Exercise aim -
Please copy, exactly as they appear below, the lines from the one containing "#50=DIRECTION('',(1.,0.,0.));" through the one containing "#69=DIRECTION('',(1.,0.,0.));".

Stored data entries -
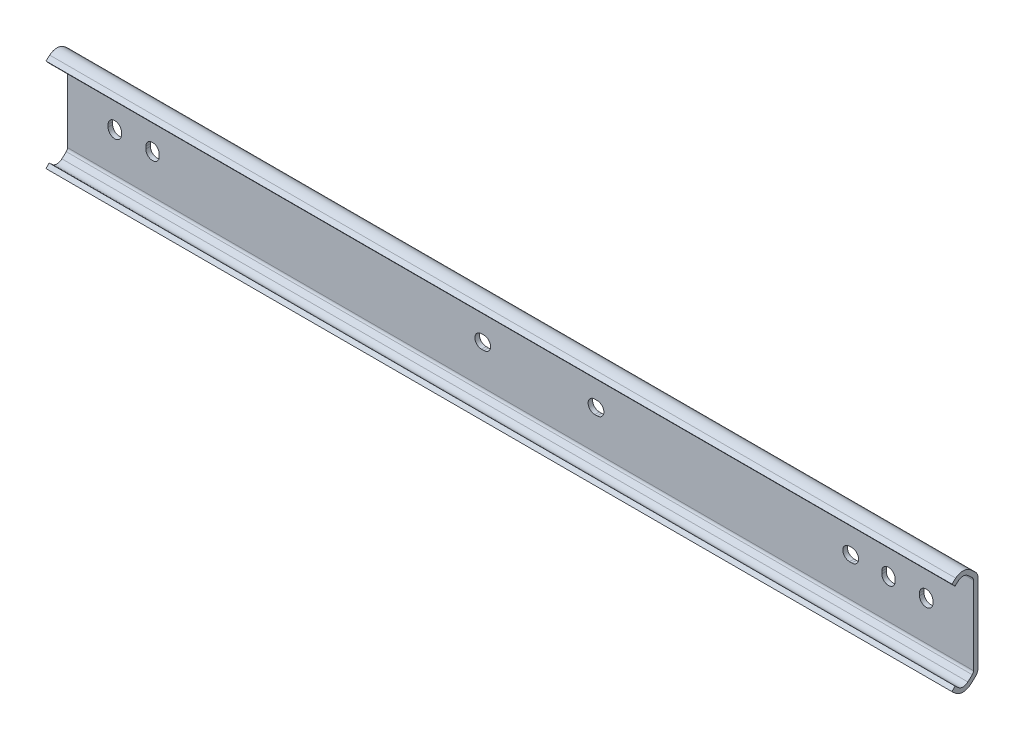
ISO-10303-21;
HEADER;
FILE_DESCRIPTION(('STEP AP214'),'2;1');
FILE_NAME('part.step','',(''),(''),'','','');
FILE_SCHEMA(('AUTOMOTIVE_DESIGN { 1 0 10303 214 1 1 1 1 }'));
ENDSEC;
DATA;
#1=APPLICATION_CONTEXT('core data for automotive mechanical design processes');
#2=APPLICATION_PROTOCOL_DEFINITION('international standard','automotive_design',2000,#1);
#3=PRODUCT_CONTEXT('',#1,'mechanical');
#4=PRODUCT('Part','Part','',(#3));
#5=PRODUCT_RELATED_PRODUCT_CATEGORY('part','',(#4));
#6=PRODUCT_DEFINITION_FORMATION('','',#4);
#7=PRODUCT_DEFINITION_CONTEXT('part definition',#1,'design');
#8=PRODUCT_DEFINITION('design','',#6,#7);
#9=PRODUCT_DEFINITION_SHAPE('','',#8);
#10=(LENGTH_UNIT() NAMED_UNIT(*) SI_UNIT(.MILLI.,.METRE.));
#11=(NAMED_UNIT(*) PLANE_ANGLE_UNIT() SI_UNIT($,.RADIAN.));
#12=(NAMED_UNIT(*) SI_UNIT($,.STERADIAN.) SOLID_ANGLE_UNIT());
#13=UNCERTAINTY_MEASURE_WITH_UNIT(LENGTH_MEASURE(1.E-05),#10,'distance_accuracy_value','');
#14=(GEOMETRIC_REPRESENTATION_CONTEXT(3) GLOBAL_UNCERTAINTY_ASSIGNED_CONTEXT((#13)) GLOBAL_UNIT_ASSIGNED_CONTEXT((#10,
#11,#12)) REPRESENTATION_CONTEXT('',''));
#15=CARTESIAN_POINT('',(0.,0.,0.));
#16=DIRECTION('',(0.,0.,1.));
#17=DIRECTION('',(1.,0.,0.));
#18=AXIS2_PLACEMENT_3D('',#15,#16,#17);
#19=CARTESIAN_POINT('',(-15.9,13.1771270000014,1.52400011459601));
#20=DIRECTION('',(0.,0.,1.));
#21=DIRECTION('',(-1.,0.,0.));
#22=AXIS2_PLACEMENT_3D('',#19,#20,#21);
#23=PLANE('',#22);
#24=DIRECTION('',(0.,-1.,0.));
#25=VECTOR('',#24,1.);
#26=CARTESIAN_POINT('',(-15.9,13.1771270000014,1.52400011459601));
#27=LINE('',#26,#25);
#28=CARTESIAN_POINT('',(-15.9,13.1771270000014,1.52400011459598));
#29=VERTEX_POINT('',#28);
#30=CARTESIAN_POINT('',(-15.9,-13.1771270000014,1.52400011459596));
#31=VERTEX_POINT('',#30);
#32=EDGE_CURVE('E691',#29,#31,#27,.T.);
#33=ORIENTED_EDGE('',*,*,#32,.T.);
#34=DIRECTION('',(-1.,0.,0.));
#35=VECTOR('',#34,1.);
#36=CARTESIAN_POINT('',(288.9,-13.1771270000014,1.52400011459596));
#37=LINE('',#36,#35);
#38=CARTESIAN_POINT('',(288.9,-13.1771270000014,1.52400011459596));
#39=VERTEX_POINT('',#38);
#40=EDGE_CURVE('E396',#39,#31,#37,.T.);
#41=ORIENTED_EDGE('',*,*,#40,.F.);
#42=DIRECTION('',(0.,-1.,0.));
#43=VECTOR('',#42,1.);
#44=CARTESIAN_POINT('',(288.9,13.1771270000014,1.52400011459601));
#45=LINE('',#44,#43);
#46=CARTESIAN_POINT('',(288.9,13.1771270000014,1.52400011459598));
#47=VERTEX_POINT('',#46);
#48=EDGE_CURVE('E661',#47,#39,#45,.T.);
#49=ORIENTED_EDGE('',*,*,#48,.F.);
#50=DIRECTION('',(1.,0.,0.));
#51=VECTOR('',#50,1.);
#52=CARTESIAN_POINT('',(-15.9,13.1771270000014,1.52400011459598));
#53=LINE('',#52,#51);
#54=EDGE_CURVE('E10',#29,#47,#53,.T.);
#55=ORIENTED_EDGE('',*,*,#54,.F.);
#56=EDGE_LOOP('',(#33,#41,#49,#55));
#57=FACE_BOUND('',#56,.T.);
#58=CARTESIAN_POINT('',(124.2,0.,1.52400011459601));
#59=DIRECTION('',(0.,0.,1.));
#60=DIRECTION('',(-1.,0.,0.));
#61=AXIS2_PLACEMENT_3D('',#58,#59,#60);
#62=CIRCLE('',#61,2.25);
#63=CARTESIAN_POINT('',(124.2,-2.25,1.52400011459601));
#64=VERTEX_POINT('',#63);
#65=CARTESIAN_POINT('',(124.2,2.25,1.52400011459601));
#66=VERTEX_POINT('',#65);
#67=EDGE_CURVE('E34',#64,#66,#62,.T.);
#68=ORIENTED_EDGE('',*,*,#67,.F.);
#69=DIRECTION('',(1.,0.,0.));
#70=VECTOR('',#69,1.);
#71=CARTESIAN_POINT('',(124.2,-2.25,1.52400011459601));
#72=LINE('',#71,#70);
#73=CARTESIAN_POINT('',(123.4,-2.25,1.52400011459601));
#74=VERTEX_POINT('',#73);
#75=EDGE_CURVE('E426',#74,#64,#72,.T.);
#76=ORIENTED_EDGE('',*,*,#75,.F.);
#77=CARTESIAN_POINT('',(123.4,0.,1.52400011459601));
#78=DIRECTION('',(0.,0.,1.));
#79=DIRECTION('',(-1.,0.,0.));
#80=AXIS2_PLACEMENT_3D('',#77,#78,#79);
#81=CIRCLE('',#80,2.25);
#82=CARTESIAN_POINT('',(123.4,2.25,1.52400011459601));
#83=VERTEX_POINT('',#82);
#84=EDGE_CURVE('E423',#83,#74,#81,.T.);
#85=ORIENTED_EDGE('',*,*,#84,.F.);
#86=DIRECTION('',(-1.,0.,0.));
#87=VECTOR('',#86,1.);
#88=CARTESIAN_POINT('',(123.4,2.25,1.52400011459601));
#89=LINE('',#88,#87);
#90=EDGE_CURVE('E421',#66,#83,#89,.T.);
#91=ORIENTED_EDGE('',*,*,#90,.F.);
#92=EDGE_LOOP('',(#68,#76,#85,#91));
#93=FACE_BOUND('',#92,.T.);
#94=CARTESIAN_POINT('',(162.3,0.,1.52400011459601));
#95=DIRECTION('',(0.,0.,1.));
#96=DIRECTION('',(-1.,0.,0.));
#97=AXIS2_PLACEMENT_3D('',#94,#95,#96);
#98=CIRCLE('',#97,2.25);
#99=CARTESIAN_POINT('',(162.3,-2.25,1.52400011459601));
#100=VERTEX_POINT('',#99);
#101=CARTESIAN_POINT('',(162.3,2.25,1.52400011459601));
#102=VERTEX_POINT('',#101);
#103=EDGE_CURVE('E448',#100,#102,#98,.T.);
#104=ORIENTED_EDGE('',*,*,#103,.F.);
#105=DIRECTION('',(1.,0.,0.));
#106=VECTOR('',#105,1.);
#107=CARTESIAN_POINT('',(162.3,-2.25,1.52400011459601));
#108=LINE('',#107,#106);
#109=CARTESIAN_POINT('',(161.5,-2.25,1.52400011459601));
#110=VERTEX_POINT('',#109);
#111=EDGE_CURVE('E456',#110,#100,#108,.T.);
#112=ORIENTED_EDGE('',*,*,#111,.F.);
#113=CARTESIAN_POINT('',(161.5,0.,1.52400011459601));
#114=DIRECTION('',(0.,0.,1.));
#115=DIRECTION('',(-1.,0.,0.));
#116=AXIS2_PLACEMENT_3D('',#113,#114,#115);
#117=CIRCLE('',#116,2.25);
#118=CARTESIAN_POINT('',(161.5,2.25,1.52400011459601));
#119=VERTEX_POINT('',#118);
#120=EDGE_CURVE('E453',#119,#110,#117,.T.);
#121=ORIENTED_EDGE('',*,*,#120,.F.);
#122=DIRECTION('',(-1.,0.,0.));
#123=VECTOR('',#122,1.);
#124=CARTESIAN_POINT('',(161.5,2.25,1.52400011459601));
#125=LINE('',#124,#123);
#126=EDGE_CURVE('E450',#102,#119,#125,.T.);
#127=ORIENTED_EDGE('',*,*,#126,.F.);
#128=EDGE_LOOP('',(#104,#112,#121,#127));
#129=FACE_BOUND('',#128,.T.);
#130=CARTESIAN_POINT('',(248.,0.,1.52400011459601));
#131=DIRECTION('',(0.,0.,1.));
#132=DIRECTION('',(-1.,0.,0.));
#133=AXIS2_PLACEMENT_3D('',#130,#131,#132);
#134=CIRCLE('',#133,2.25);
#135=CARTESIAN_POINT('',(248.,-2.25,1.52400011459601));
#136=VERTEX_POINT('',#135);
#137=CARTESIAN_POINT('',(248.,2.25,1.52400011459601));
#138=VERTEX_POINT('',#137);
#139=EDGE_CURVE('E480',#136,#138,#134,.T.);
#140=ORIENTED_EDGE('',*,*,#139,.F.);
#141=DIRECTION('',(1.,0.,0.));
#142=VECTOR('',#141,1.);
#143=CARTESIAN_POINT('',(248.,-2.25,1.52400011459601));
#144=LINE('',#143,#142);
#145=CARTESIAN_POINT('',(247.2,-2.25,1.52400011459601));
#146=VERTEX_POINT('',#145);
#147=EDGE_CURVE('E488',#146,#136,#144,.T.);
#148=ORIENTED_EDGE('',*,*,#147,.F.);
#149=CARTESIAN_POINT('',(247.2,0.,1.52400011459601));
#150=DIRECTION('',(0.,0.,1.));
#151=DIRECTION('',(-1.,0.,0.));
#152=AXIS2_PLACEMENT_3D('',#149,#150,#151);
#153=CIRCLE('',#152,2.25);
#154=CARTESIAN_POINT('',(247.2,2.25,1.52400011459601));
#155=VERTEX_POINT('',#154);
#156=EDGE_CURVE('E485',#155,#146,#153,.T.);
#157=ORIENTED_EDGE('',*,*,#156,.F.);
#158=DIRECTION('',(-1.,0.,0.));
#159=VECTOR('',#158,1.);
#160=CARTESIAN_POINT('',(247.2,2.25,1.52400011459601));
#161=LINE('',#160,#159);
#162=EDGE_CURVE('E482',#138,#155,#161,.T.);
#163=ORIENTED_EDGE('',*,*,#162,.F.);
#164=EDGE_LOOP('',(#140,#148,#157,#163));
#165=FACE_BOUND('',#164,.T.);
#166=CARTESIAN_POINT('',(273.,-0.4,1.52400011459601));
#167=DIRECTION('',(0.,0.,1.));
#168=DIRECTION('',(-1.,0.,0.));
#169=AXIS2_PLACEMENT_3D('',#166,#167,#168);
#170=CIRCLE('',#169,2.24999999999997);
#171=CARTESIAN_POINT('',(270.75,-0.4,1.52400011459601));
#172=VERTEX_POINT('',#171);
#173=CARTESIAN_POINT('',(275.25,-0.4,1.52400011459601));
#174=VERTEX_POINT('',#173);
#175=EDGE_CURVE('E512',#172,#174,#170,.T.);
#176=ORIENTED_EDGE('',*,*,#175,.F.);
#177=DIRECTION('',(0.,-1.,0.));
#178=VECTOR('',#177,1.);
#179=CARTESIAN_POINT('',(270.75,-0.4,1.52400011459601));
#180=LINE('',#179,#178);
#181=CARTESIAN_POINT('',(270.75,0.4,1.52400011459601));
#182=VERTEX_POINT('',#181);
#183=EDGE_CURVE('E520',#182,#172,#180,.T.);
#184=ORIENTED_EDGE('',*,*,#183,.F.);
#185=CARTESIAN_POINT('',(273.,0.4,1.52400011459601));
#186=DIRECTION('',(0.,0.,1.));
#187=DIRECTION('',(-1.,0.,0.));
#188=AXIS2_PLACEMENT_3D('',#185,#186,#187);
#189=CIRCLE('',#188,2.24999999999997);
#190=CARTESIAN_POINT('',(275.25,0.4,1.52400011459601));
#191=VERTEX_POINT('',#190);
#192=EDGE_CURVE('E517',#191,#182,#189,.T.);
#193=ORIENTED_EDGE('',*,*,#192,.F.);
#194=DIRECTION('',(0.,1.,0.));
#195=VECTOR('',#194,1.);
#196=CARTESIAN_POINT('',(275.25,0.4,1.52400011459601));
#197=LINE('',#196,#195);
#198=EDGE_CURVE('E514',#174,#191,#197,.T.);
#199=ORIENTED_EDGE('',*,*,#198,.F.);
#200=EDGE_LOOP('',(#176,#184,#193,#199));
#201=FACE_BOUND('',#200,.T.);
#202=CARTESIAN_POINT('',(260.3,-0.4,1.52400011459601));
#203=DIRECTION('',(0.,0.,1.));
#204=DIRECTION('',(-1.,0.,0.));
#205=AXIS2_PLACEMENT_3D('',#202,#203,#204);
#206=CIRCLE('',#205,2.24999999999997);
#207=CARTESIAN_POINT('',(258.05,-0.4,1.52400011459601));
#208=VERTEX_POINT('',#207);
#209=CARTESIAN_POINT('',(262.55,-0.4,1.52400011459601));
#210=VERTEX_POINT('',#209);
#211=EDGE_CURVE('E544',#208,#210,#206,.T.);
#212=ORIENTED_EDGE('',*,*,#211,.F.);
#213=DIRECTION('',(0.,-1.,0.));
#214=VECTOR('',#213,1.);
#215=CARTESIAN_POINT('',(258.05,-0.4,1.52400011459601));
#216=LINE('',#215,#214);
#217=CARTESIAN_POINT('',(258.05,0.4,1.52400011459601));
#218=VERTEX_POINT('',#217);
#219=EDGE_CURVE('E552',#218,#208,#216,.T.);
#220=ORIENTED_EDGE('',*,*,#219,.F.);
#221=CARTESIAN_POINT('',(260.3,0.4,1.52400011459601));
#222=DIRECTION('',(0.,0.,1.));
#223=DIRECTION('',(-1.,0.,0.));
#224=AXIS2_PLACEMENT_3D('',#221,#222,#223);
#225=CIRCLE('',#224,2.24999999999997);
#226=CARTESIAN_POINT('',(262.55,0.4,1.52400011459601));
#227=VERTEX_POINT('',#226);
#228=EDGE_CURVE('E549',#227,#218,#225,.T.);
#229=ORIENTED_EDGE('',*,*,#228,.F.);
#230=DIRECTION('',(0.,1.,0.));
#231=VECTOR('',#230,1.);
#232=CARTESIAN_POINT('',(262.55,0.4,1.52400011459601));
#233=LINE('',#232,#231);
#234=EDGE_CURVE('E546',#210,#227,#233,.T.);
#235=ORIENTED_EDGE('',*,*,#234,.F.);
#236=EDGE_LOOP('',(#212,#220,#229,#235));
#237=FACE_BOUND('',#236,.T.);
#238=CARTESIAN_POINT('',(12.7,-0.4,1.52400011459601));
#239=DIRECTION('',(0.,0.,1.));
#240=DIRECTION('',(-1.,0.,0.));
#241=AXIS2_PLACEMENT_3D('',#238,#239,#240);
#242=CIRCLE('',#241,2.24999999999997);
#243=CARTESIAN_POINT('',(10.45,-0.4,1.52400011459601));
#244=VERTEX_POINT('',#243);
#245=CARTESIAN_POINT('',(14.95,-0.4,1.52400011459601));
#246=VERTEX_POINT('',#245);
#247=EDGE_CURVE('E576',#244,#246,#242,.T.);
#248=ORIENTED_EDGE('',*,*,#247,.F.);
#249=DIRECTION('',(0.,-1.,0.));
#250=VECTOR('',#249,1.);
#251=CARTESIAN_POINT('',(10.45,-0.4,1.52400011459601));
#252=LINE('',#251,#250);
#253=CARTESIAN_POINT('',(10.45,0.4,1.52400011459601));
#254=VERTEX_POINT('',#253);
#255=EDGE_CURVE('E584',#254,#244,#252,.T.);
#256=ORIENTED_EDGE('',*,*,#255,.F.);
#257=CARTESIAN_POINT('',(12.7,0.4,1.52400011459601));
#258=DIRECTION('',(0.,0.,1.));
#259=DIRECTION('',(-1.,0.,0.));
#260=AXIS2_PLACEMENT_3D('',#257,#258,#259);
#261=CIRCLE('',#260,2.24999999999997);
#262=CARTESIAN_POINT('',(14.95,0.4,1.52400011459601));
#263=VERTEX_POINT('',#262);
#264=EDGE_CURVE('E581',#263,#254,#261,.T.);
#265=ORIENTED_EDGE('',*,*,#264,.F.);
#266=DIRECTION('',(0.,1.,0.));
#267=VECTOR('',#266,1.);
#268=CARTESIAN_POINT('',(14.95,0.4,1.52400011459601));
#269=LINE('',#268,#267);
#270=EDGE_CURVE('E578',#246,#263,#269,.T.);
#271=ORIENTED_EDGE('',*,*,#270,.F.);
#272=EDGE_LOOP('',(#248,#256,#265,#271));
#273=FACE_BOUND('',#272,.T.);
#274=CARTESIAN_POINT('',(0.,-0.4,1.52400011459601));
#275=DIRECTION('',(0.,0.,1.));
#276=DIRECTION('',(-1.,0.,0.));
#277=AXIS2_PLACEMENT_3D('',#274,#275,#276);
#278=CIRCLE('',#277,2.24999999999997);
#279=CARTESIAN_POINT('',(-2.25000000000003,-0.4,1.52400011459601));
#280=VERTEX_POINT('',#279);
#281=CARTESIAN_POINT('',(2.24999999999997,-0.4,1.52400011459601));
#282=VERTEX_POINT('',#281);
#283=EDGE_CURVE('E608',#280,#282,#278,.T.);
#284=ORIENTED_EDGE('',*,*,#283,.F.);
#285=DIRECTION('',(0.,-1.,0.));
#286=VECTOR('',#285,1.);
#287=CARTESIAN_POINT('',(-2.25000000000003,-0.4,1.52400011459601));
#288=LINE('',#287,#286);
#289=CARTESIAN_POINT('',(-2.25000000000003,0.4,1.52400011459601));
#290=VERTEX_POINT('',#289);
#291=EDGE_CURVE('E616',#290,#280,#288,.T.);
#292=ORIENTED_EDGE('',*,*,#291,.F.);
#293=CARTESIAN_POINT('',(0.,0.4,1.52400011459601));
#294=DIRECTION('',(0.,0.,1.));
#295=DIRECTION('',(-1.,0.,0.));
#296=AXIS2_PLACEMENT_3D('',#293,#294,#295);
#297=CIRCLE('',#296,2.24999999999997);
#298=CARTESIAN_POINT('',(2.24999999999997,0.4,1.52400011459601));
#299=VERTEX_POINT('',#298);
#300=EDGE_CURVE('E613',#299,#290,#297,.T.);
#301=ORIENTED_EDGE('',*,*,#300,.F.);
#302=DIRECTION('',(0.,1.,0.));
#303=VECTOR('',#302,1.);
#304=CARTESIAN_POINT('',(2.24999999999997,0.4,1.52400011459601));
#305=LINE('',#304,#303);
#306=EDGE_CURVE('E610',#282,#299,#305,.T.);
#307=ORIENTED_EDGE('',*,*,#306,.F.);
#308=EDGE_LOOP('',(#284,#292,#301,#307));
#309=FACE_BOUND('',#308,.T.);
#310=ADVANCED_FACE('F17',(#57,#93,#129,#165,#201,#237,#273,#309),#23,.T.);
#311=CARTESIAN_POINT('',(-15.9,13.1771270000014,2.82399974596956));
#312=DIRECTION('',(1.,0.,0.));
#313=DIRECTION('',(0.,0.,1.));
#314=AXIS2_PLACEMENT_3D('',#311,#312,#313);
#315=CYLINDRICAL_SURFACE('',#314,1.29999963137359);
#316=CARTESIAN_POINT('',(288.9,13.1771270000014,2.82399974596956));
#317=DIRECTION('',(-1.,0.,0.));
#318=DIRECTION('',(0.,0.,-1.));
#319=AXIS2_PLACEMENT_3D('',#316,#317,#318);
#320=CIRCLE('',#319,1.29999963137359);
#321=CARTESIAN_POINT('',(288.9,14.1308812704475,1.94062449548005));
#322=VERTEX_POINT('',#321);
#323=EDGE_CURVE('E658',#322,#47,#320,.T.);
#324=ORIENTED_EDGE('',*,*,#323,.F.);
#325=DIRECTION('',(1.,0.,0.));
#326=VECTOR('',#325,1.);
#327=CARTESIAN_POINT('',(-15.9,14.1308812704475,1.94062449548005));
#328=LINE('',#327,#326);
#329=CARTESIAN_POINT('',(-15.9,14.1308812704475,1.94062449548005));
#330=VERTEX_POINT('',#329);
#331=EDGE_CURVE('E26',#330,#322,#328,.T.);
#332=ORIENTED_EDGE('',*,*,#331,.F.);
#333=CARTESIAN_POINT('',(-15.9,13.1771270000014,2.82399974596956));
#334=DIRECTION('',(-1.,0.,0.));
#335=DIRECTION('',(0.,0.,-1.));
#336=AXIS2_PLACEMENT_3D('',#333,#334,#335);
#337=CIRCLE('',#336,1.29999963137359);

Response to the task -
#50=DIRECTION('',(1.,0.,0.));
#51=VECTOR('',#50,1.);
#52=CARTESIAN_POINT('',(-15.9,13.1771270000014,1.52400011459598));
#53=LINE('',#52,#51);
#54=EDGE_CURVE('E10',#29,#47,#53,.T.);
#55=ORIENTED_EDGE('',*,*,#54,.F.);
#56=EDGE_LOOP('',(#33,#41,#49,#55));
#57=FACE_BOUND('',#56,.T.);
#58=CARTESIAN_POINT('',(124.2,0.,1.52400011459601));
#59=DIRECTION('',(0.,0.,1.));
#60=DIRECTION('',(-1.,0.,0.));
#61=AXIS2_PLACEMENT_3D('',#58,#59,#60);
#62=CIRCLE('',#61,2.25);
#63=CARTESIAN_POINT('',(124.2,-2.25,1.52400011459601));
#64=VERTEX_POINT('',#63);
#65=CARTESIAN_POINT('',(124.2,2.25,1.52400011459601));
#66=VERTEX_POINT('',#65);
#67=EDGE_CURVE('E34',#64,#66,#62,.T.);
#68=ORIENTED_EDGE('',*,*,#67,.F.);
#69=DIRECTION('',(1.,0.,0.));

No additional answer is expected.